6. An electrolytic apparatus with a strip non-contacting liquid throttle unit according
to claim 5, characterized in that a drive system for rotating the seal rolls is adopted
that matches the direction of rotation with the passing direction of the strip and
makes the circumferential speed of the seal rolls identical to the running speed of
the strip to synchronize the operations of the strip and the seal rolls.
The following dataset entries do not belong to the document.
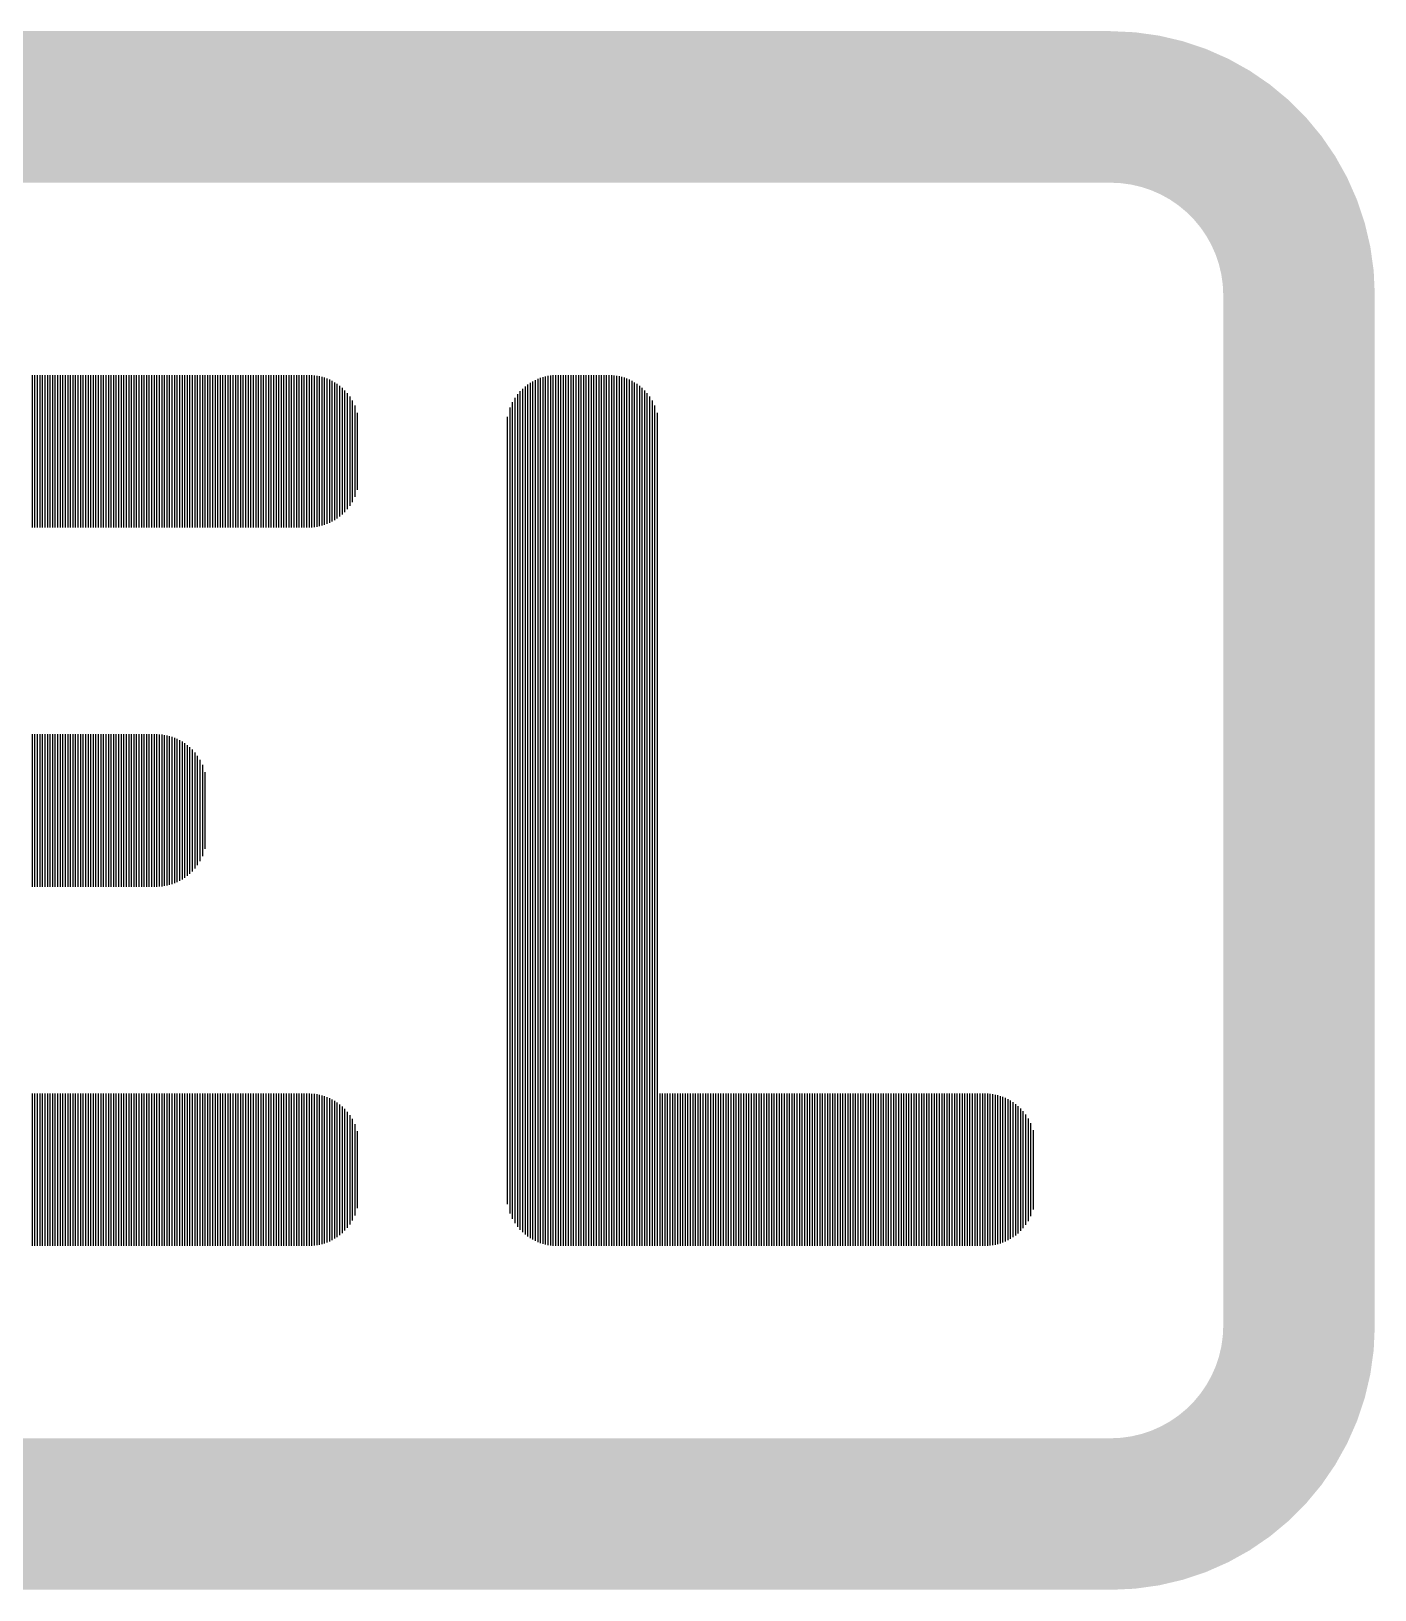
# Model space of a CAD drawing. Extents: x 4.9 to 38.9, y -1.1 to 21.9.
# Drawn here: x 23.801 to 24.421, y 12.755 to 13.475 of the extents above; entities that cross this region are included whole.
import ezdxf

# ---------------------------------------------------------------- set-up
doc = ezdxf.new("R2010")
doc.units = 0
doc.layers.get('0').update_dxf_attribs({"linetype": 'CONTINUOUS'})

msp = doc.modelspace()

# ---------------------------------------------------------------- linework, layer by layer
at = {"linetype": 'CONTINUOUS'}
for p, q in [((23.8013, 13.24531), (23.8013, 13.31571)), ((23.80247, 13.24531), (23.80247, 13.31571)), ((23.80364, 13.24531), (23.80364, 13.31571)), ((23.80482, 13.24531), (23.80482, 13.31571)), ((23.80599, 13.24531), (23.80599, 13.31571)), ((23.80716, 13.24531), (23.80716, 13.31571)), ((23.80834, 13.24531), (23.80834, 13.31571)), ((23.80951, 13.24531), (23.80951, 13.31571)), ((23.81068, 13.24531), (23.81068, 13.31571)), ((23.81186, 13.24531), (23.81186, 13.31571)), ((23.81303, 13.24531), (23.81303, 13.31571)), ((23.8142, 13.24531), (23.8142, 13.31571)), ((23.81538, 13.24531), (23.81538, 13.31571)), ((23.81655, 13.24531), (23.81655, 13.31571)), ((23.81772, 13.24531), (23.81772, 13.31571)), ((23.8189, 13.24531), (23.8189, 13.31571)), ((23.82007, 13.24531), (23.82007, 13.31571)), ((23.82124, 13.24531), (23.82124, 13.31571)), ((23.82242, 13.24531), (23.82242, 13.31571)), ((23.82359, 13.24531), (23.82359, 13.31571)), ((23.82476, 13.24531), (23.82476, 13.31571)), ((23.82594, 13.24531), (23.82594, 13.31571)), ((23.82711, 13.24531), (23.82711, 13.31571)), ((23.82829, 13.24531), (23.82829, 13.31571)), ((23.82946, 13.24531), (23.82946, 13.31571)), ((23.83063, 13.24531), (23.83063, 13.31571)), ((23.83181, 13.24531), (23.83181, 13.31571)), ((23.83298, 13.24531), (23.83298, 13.31571)), ((23.83415, 13.24531), (23.83415, 13.31571)), ((23.83533, 13.24531), (23.83533, 13.31571)), ((23.8365, 13.24531), (23.8365, 13.31571)), ((23.83767, 13.24531), (23.83767, 13.31571)), ((23.83885, 13.24531), (23.83885, 13.31571)), ((23.84002, 13.24531), (23.84002, 13.31571)), ((23.84119, 13.24531), (23.84119, 13.31571)), ((23.84237, 13.24531), (23.84237, 13.31571)), ((23.84354, 13.24531), (23.84354, 13.31571)), ((23.84471, 13.24531), (23.84471, 13.31571)), ((23.84589, 13.24531), (23.84589, 13.31571)), ((23.84706, 13.24531), (23.84706, 13.31571)), ((23.84823, 13.24531), (23.84823, 13.31571)), ((23.84941, 13.24531), (23.84941, 13.31571)), ((23.85058, 13.24531), (23.85058, 13.31571)), ((23.85175, 13.24531), (23.85175, 13.31571)), ((23.85293, 13.24531), (23.85293, 13.31571)), ((23.8541, 13.24531), (23.8541, 13.31571)), ((23.85527, 13.24531), (23.85527, 13.31571)), ((23.85645, 13.24531), (23.85645, 13.31571)), ((23.85762, 13.24531), (23.85762, 13.31571)), ((23.85879, 13.24531), (23.85879, 13.31571)), ((23.85997, 13.24531), (23.85997, 13.31571)), ((23.86114, 13.24531), (23.86114, 13.31571)), ((23.86232, 13.24531), (23.86232, 13.31571)), ((23.86349, 13.24531), (23.86349, 13.31571)), ((23.86466, 13.24531), (23.86466, 13.31571)), ((23.86584, 13.24531), (23.86584, 13.31571)), ((23.86701, 13.24531), (23.86701, 13.31571)), ((23.86818, 13.24531), (23.86818, 13.31571)), ((23.86936, 13.24531), (23.86936, 13.31571)), ((23.87053, 13.24531), (23.87053, 13.31571)), ((23.8717, 13.24531), (23.8717, 13.31571)), ((23.87288, 13.24531), (23.87288, 13.31571)), ((23.87405, 13.24531), (23.87405, 13.31571)), ((23.87522, 13.24531), (23.87522, 13.31571)), ((23.8764, 13.24531), (23.8764, 13.31571)), ((23.87757, 13.24531), (23.87757, 13.31571)), ((23.87874, 13.24531), (23.87874, 13.31571)), ((23.87992, 13.24531), (23.87992, 13.31571)), ((23.88109, 13.24531), (23.88109, 13.31571)), ((23.88226, 13.24531), (23.88226, 13.31571)), ((23.88344, 13.24531), (23.88344, 13.31571)), ((23.88461, 13.24531), (23.88461, 13.31571)), ((23.88578, 13.24531), (23.88578, 13.31571)), ((23.88696, 13.24531), (23.88696, 13.31571)), ((23.88813, 13.24531), (23.88813, 13.31571)), ((23.8893, 13.24531), (23.8893, 13.31571)), ((23.89048, 13.24531), (23.89048, 13.31571)), ((23.89165, 13.24531), (23.89165, 13.31571)), ((23.89282, 13.24531), (23.89282, 13.31571)), ((23.894, 13.24531), (23.894, 13.31571)), ((23.89517, 13.24531), (23.89517, 13.31571)), ((23.89635, 13.24531), (23.89635, 13.31571)), ((23.89752, 13.24531), (23.89752, 13.31571)), ((23.89869, 13.24531), (23.89869, 13.31571)), ((23.89987, 13.24531), (23.89987, 13.31571)), ((23.90104, 13.24531), (23.90104, 13.31571)), ((23.90221, 13.24531), (23.90221, 13.31571)), ((23.90339, 13.24531), (23.90339, 13.31571)), ((23.90456, 13.24531), (23.90456, 13.31571)), ((23.90573, 13.24531), (23.90573, 13.31571)), ((23.90691, 13.24531), (23.90691, 13.31571)), ((23.90808, 13.24531), (23.90808, 13.31571)), ((23.90925, 13.24531), (23.90925, 13.31571)), ((23.91043, 13.24531), (23.91043, 13.31571)), ((23.9116, 13.24531), (23.9116, 13.31571)), ((23.91277, 13.24531), (23.91277, 13.31571)), ((23.91395, 13.24531), (23.91395, 13.31571)), ((23.91512, 13.24531), (23.91512, 13.31571)), ((23.91629, 13.24531), (23.91629, 13.31571)), ((23.91747, 13.24531), (23.91747, 13.31571)), ((23.91864, 13.24531), (23.91864, 13.31571)), ((23.91981, 13.24531), (23.91981, 13.31571)), ((23.92099, 13.24531), (23.92099, 13.31571)), ((23.92216, 13.24531), (23.92216, 13.31571)), ((23.92333, 13.24531), (23.92333, 13.31571)), ((23.92451, 13.24531), (23.92451, 13.31571)), ((23.92568, 13.24531), (23.92568, 13.31571)), ((23.92685, 13.24531), (23.92685, 13.31571)), ((23.92803, 13.24531), (23.92803, 13.31571)), ((23.9292, 13.24531), (23.9292, 13.31571)), ((23.93038, 13.24536), (23.93038, 13.31566)), ((23.93155, 13.24547), (23.93155, 13.31555)), ((23.93272, 13.24563), (23.93272, 13.31539)), ((23.9339, 13.24586), (23.9339, 13.31516)), ((23.93507, 13.24616), (23.93507, 13.31487)), ((23.93624, 13.24651), (23.93624, 13.31451)), ((23.93742, 13.24694), (23.93742, 13.31408)), ((23.93859, 13.24744), (23.93859, 13.31358)), ((23.93976, 13.24802), (23.93976, 13.31301)), ((24.03364, 12.91572), (24.03364, 13.31339)), ((24.03481, 12.91519), (24.03481, 13.31392)), ((24.03599, 12.91474), (24.03599, 13.31437)), ((24.03716, 12.91436), (24.03716, 13.31475)), ((24.03833, 12.91405), (24.03833, 13.31506)), ((24.03951, 12.9138), (24.03951, 13.31531)), ((24.04068, 12.91361), (24.04068, 13.3155)), ((24.04185, 12.91348), (24.04185, 13.31563)), ((24.04303, 12.91341), (24.04303, 13.3157)), ((24.0442, 12.9134), (24.0442, 13.31571)), ((24.04537, 12.9134), (24.04537, 13.31571)), ((24.04655, 12.9134), (24.04655, 13.31571)), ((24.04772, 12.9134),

7. An electrolytic apparatus with a strip non-contacting liquid throttle unit that, in
an electrolytic apparatus in which a strip is run through an electrode unit formed
between electrodes disposed at prescribed spacing, a liquid feeding unit provided
on an outlet side of the electrode unit passes liquid electrolyte to the electrode
unit to conduct electrolytic treatment, liquid electrolyte after electrolytic treatment
is recovered by a waste liquid unit provided on an inlet side of the electrode and
a liquid electrolyte tank is provided on the inlet side or the outlet side of the
electrode unit to communicate and connect with the electrode unit through the liquid
feeding unit or the waste liquid unit, is characterized in that a liquid throttle
unit adjacent to the electrode unit and the liquid electrolyte tank filled with liquid
electrolyte is a pair of seal mechanisms or nozzle devices spaced facing each other
in a non-contacting state with a passed strip and the spacing between the seal mechanisms
or the nozzle devices is 0.1mm-5mm, preferably 0.3mm-2mm, wider than the thickness
of the passed strip.
8. An electrolytic apparatus with a strip non-contacting liquid throttle unit that, in
an electrolytic apparatus in which a strip is run through an electrode unit formed
between opposed electrodes disposed at prescribed spacing, a liquid feeding unit provided
on an outlet side of the electrode unit passes liquid electrolyte to the electrode
unit to conduct electrolytic treatment, liquid electrolyte after electrolytic treatment
is recovered by a waste liquid unit provided on an inlet side of the electrode and
a liquid electrolyte tank is provided on the inlet side or the outlet side of the
electrode unit to communicate and connect with the electrode unit through the liquid
feeding unit or the waste liquid unit, is characterized in that a liquid throttle
unit adjacent to the electrode unit and the liquid electrolyte tank filled with liquid
electrolyte is formed of two laterally symmetrical seal blocks, preferably wedge-shaped
seal blocks, which face each other across a space that diminishes in the direction
of strip advance and maintain a non-contacting state with a passed strip, the spacing
between the seal blocks being 0.1mm-5mm, preferably 0.3mm-2mm, wider than the thickness
of the passed strip.
9. An electrolytic apparatus with a strip non-contacting liquid throttle unit according
to claim 8, characterized in that the wedge-shaped blocks are equipped with a liquid
feeding system for feeding liquid electrolyte from surfaces facing the strip toward
the strip over the full width of the strip.